(Collected data entries)
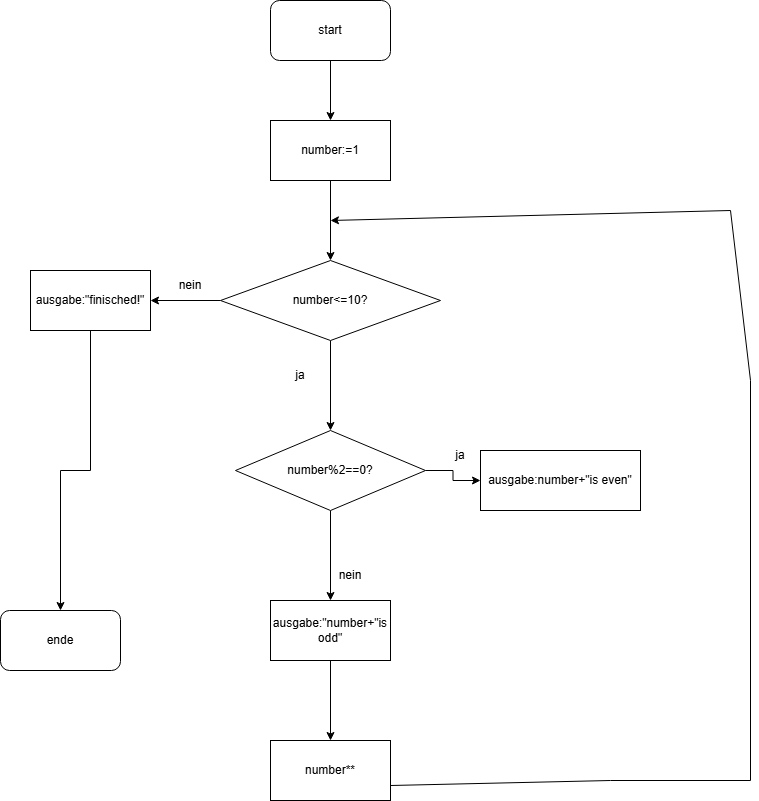

The diagram above was exported from draw.io. Its source (the exported page's mxGraphModel, read from the mxfile embedded in the PNG):
<mxGraphModel dx="902" dy="413" grid="1" gridSize="10" guides="1" tooltips="1" connect="1" arrows="1" fold="1" page="1" pageScale="1" pageWidth="827" pageHeight="1169" math="0" shadow="0">
  <root>
    <mxCell id="0" />
    <mxCell id="1" parent="0" />
    <mxCell id="w6HH0yQcL3Ea9hA18cbO-3" edge="1" parent="1" source="w6HH0yQcL3Ea9hA18cbO-1" style="edgeStyle=orthogonalEdgeStyle;rounded=0;orthogonalLoop=1;jettySize=auto;html=1;" target="w6HH0yQcL3Ea9hA18cbO-2" value="">
      <mxGeometry relative="1" as="geometry" />
    </mxCell>
    <mxCell id="w6HH0yQcL3Ea9hA18cbO-1" parent="1" style="rounded=1;whiteSpace=wrap;html=1;" value="start" vertex="1">
      <mxGeometry height="60" width="120" x="300" y="20" as="geometry" />
    </mxCell>
    <mxCell id="w6HH0yQcL3Ea9hA18cbO-5" edge="1" parent="1" source="w6HH0yQcL3Ea9hA18cbO-2" style="edgeStyle=orthogonalEdgeStyle;rounded=0;orthogonalLoop=1;jettySize=auto;html=1;" value="">
      <mxGeometry relative="1" as="geometry">
        <mxPoint x="360" y="280" as="targetPoint" />
      </mxGeometry>
    </mxCell>
    <mxCell id="w6HH0yQcL3Ea9hA18cbO-2" parent="1" style="rounded=0;whiteSpace=wrap;html=1;" value="number:=1" vertex="1">
      <mxGeometry height="60" width="120" x="300" y="140" as="geometry" />
    </mxCell>
    <mxCell id="w6HH0yQcL3Ea9hA18cbO-8" edge="1" parent="1" source="w6HH0yQcL3Ea9hA18cbO-6" style="edgeStyle=orthogonalEdgeStyle;rounded=0;orthogonalLoop=1;jettySize=auto;html=1;" value="">
      <mxGeometry relative="1" as="geometry">
        <mxPoint x="360" y="450" as="targetPoint" />
      </mxGeometry>
    </mxCell>
    <mxCell id="w6HH0yQcL3Ea9hA18cbO-20" edge="1" parent="1" source="w6HH0yQcL3Ea9hA18cbO-6" style="edgeStyle=orthogonalEdgeStyle;rounded=0;orthogonalLoop=1;jettySize=auto;html=1;" target="w6HH0yQcL3Ea9hA18cbO-19" value="">
      <mxGeometry relative="1" as="geometry" />
    </mxCell>
    <mxCell id="w6HH0yQcL3Ea9hA18cbO-6" parent="1" style="rhombus;whiteSpace=wrap;html=1;" value="number&amp;lt;=10?" vertex="1">
      <mxGeometry height="80" width="220" x="250" y="280" as="geometry" />
    </mxCell>
    <mxCell id="w6HH0yQcL3Ea9hA18cbO-10" parent="1" style="text;html=1;whiteSpace=wrap;strokeColor=none;fillColor=none;align=center;verticalAlign=middle;rounded=0;" value="ja" vertex="1">
      <mxGeometry height="30" width="60" x="300" y="380" as="geometry" />
    </mxCell>
    <mxCell id="w6HH0yQcL3Ea9hA18cbO-14" edge="1" parent="1" source="w6HH0yQcL3Ea9hA18cbO-12" style="edgeStyle=orthogonalEdgeStyle;rounded=0;orthogonalLoop=1;jettySize=auto;html=1;" target="w6HH0yQcL3Ea9hA18cbO-13" value="">
      <mxGeometry relative="1" as="geometry" />
    </mxCell>
    <mxCell id="w6HH0yQcL3Ea9hA18cbO-17" edge="1" parent="1" source="w6HH0yQcL3Ea9hA18cbO-12" style="edgeStyle=orthogonalEdgeStyle;rounded=0;orthogonalLoop=1;jettySize=auto;html=1;" target="w6HH0yQcL3Ea9hA18cbO-16" value="">
      <mxGeometry relative="1" as="geometry" />
    </mxCell>
    <mxCell id="w6HH0yQcL3Ea9hA18cbO-12" parent="1" style="rhombus;whiteSpace=wrap;html=1;" value="number%2==0?" vertex="1">
      <mxGeometry height="80" width="190" x="265" y="450" as="geometry" />
    </mxCell>
    <mxCell id="w6HH0yQcL3Ea9hA18cbO-13" parent="1" style="whiteSpace=wrap;html=1;" value="ausgabe:number+&quot;is even&quot;" vertex="1">
      <mxGeometry height="60" width="160" x="510" y="470" as="geometry" />
    </mxCell>
    <mxCell id="w6HH0yQcL3Ea9hA18cbO-15" parent="1" style="text;html=1;whiteSpace=wrap;strokeColor=none;fillColor=none;align=center;verticalAlign=middle;rounded=0;" value="ja" vertex="1">
      <mxGeometry height="30" width="60" x="460" y="460" as="geometry" />
    </mxCell>
    <mxCell id="w6HH0yQcL3Ea9hA18cbO-25" edge="1" parent="1" source="w6HH0yQcL3Ea9hA18cbO-16" style="edgeStyle=orthogonalEdgeStyle;rounded=0;orthogonalLoop=1;jettySize=auto;html=1;" target="w6HH0yQcL3Ea9hA18cbO-24" value="">
      <mxGeometry relative="1" as="geometry" />
    </mxCell>
    <mxCell id="w6HH0yQcL3Ea9hA18cbO-16" parent="1" style="whiteSpace=wrap;html=1;" value="ausgabe:&quot;number+&quot;is odd&quot;" vertex="1">
      <mxGeometry height="60" width="120" x="300" y="620" as="geometry" />
    </mxCell>
    <mxCell id="w6HH0yQcL3Ea9hA18cbO-18" parent="1" style="text;html=1;whiteSpace=wrap;strokeColor=none;fillColor=none;align=center;verticalAlign=middle;rounded=0;" value="nein" vertex="1">
      <mxGeometry height="30" width="60" x="350" y="580" as="geometry" />
    </mxCell>
    <mxCell id="w6HH0yQcL3Ea9hA18cbO-23" edge="1" parent="1" source="w6HH0yQcL3Ea9hA18cbO-19" style="edgeStyle=orthogonalEdgeStyle;rounded=0;orthogonalLoop=1;jettySize=auto;html=1;" target="w6HH0yQcL3Ea9hA18cbO-22" value="">
      <mxGeometry relative="1" as="geometry" />
    </mxCell>
    <mxCell id="w6HH0yQcL3Ea9hA18cbO-19" parent="1" style="whiteSpace=wrap;html=1;" value="ausgabe:&quot;finisched!&quot;" vertex="1">
      <mxGeometry height="60" width="120" x="60" y="290" as="geometry" />
    </mxCell>
    <mxCell id="w6HH0yQcL3Ea9hA18cbO-21" parent="1" style="text;html=1;whiteSpace=wrap;strokeColor=none;fillColor=none;align=center;verticalAlign=middle;rounded=0;" value="nein" vertex="1">
      <mxGeometry height="30" width="60" x="190" y="290" as="geometry" />
    </mxCell>
    <mxCell id="w6HH0yQcL3Ea9hA18cbO-22" parent="1" style="rounded=1;whiteSpace=wrap;html=1;" value="ende" vertex="1">
      <mxGeometry height="60" width="120" x="30" y="630" as="geometry" />
    </mxCell>
    <mxCell id="w6HH0yQcL3Ea9hA18cbO-24" parent="1" style="whiteSpace=wrap;html=1;" value="number**" vertex="1">
      <mxGeometry height="60" width="120" x="300" y="760" as="geometry" />
    </mxCell>
    <mxCell id="w6HH0yQcL3Ea9hA18cbO-27" edge="1" parent="1" source="w6HH0yQcL3Ea9hA18cbO-24" style="endArrow=classic;html=1;rounded=0;exitX=1;exitY=0.75;exitDx=0;exitDy=0;" value="">
      <mxGeometry height="50" relative="1" width="50" as="geometry">
        <Array as="points">
          <mxPoint x="640" y="800" />
          <mxPoint x="780" y="800" />
          <mxPoint x="780" y="400" />
          <mxPoint x="760" y="230" />
        </Array>
        <mxPoint x="430" y="800" as="sourcePoint" />
        <mxPoint x="360" y="240" as="targetPoint" />
      </mxGeometry>
    </mxCell>
  </root>
</mxGraphModel>

▸ PROBLEM STATEMENT: Gather up, from the records above, each line where the word "mxPoint" appears.

▸ EXERCISE OUTPUT:
        <mxPoint x="360" y="280" as="targetPoint" />
        <mxPoint x="360" y="450" as="targetPoint" />
          <mxPoint x="640" y="800" />
          <mxPoint x="780" y="800" />
          <mxPoint x="780" y="400" />
          <mxPoint x="760" y="230" />
        <mxPoint x="430" y="800" as="sourcePoint" />
        <mxPoint x="360" y="240" as="targetPoint" />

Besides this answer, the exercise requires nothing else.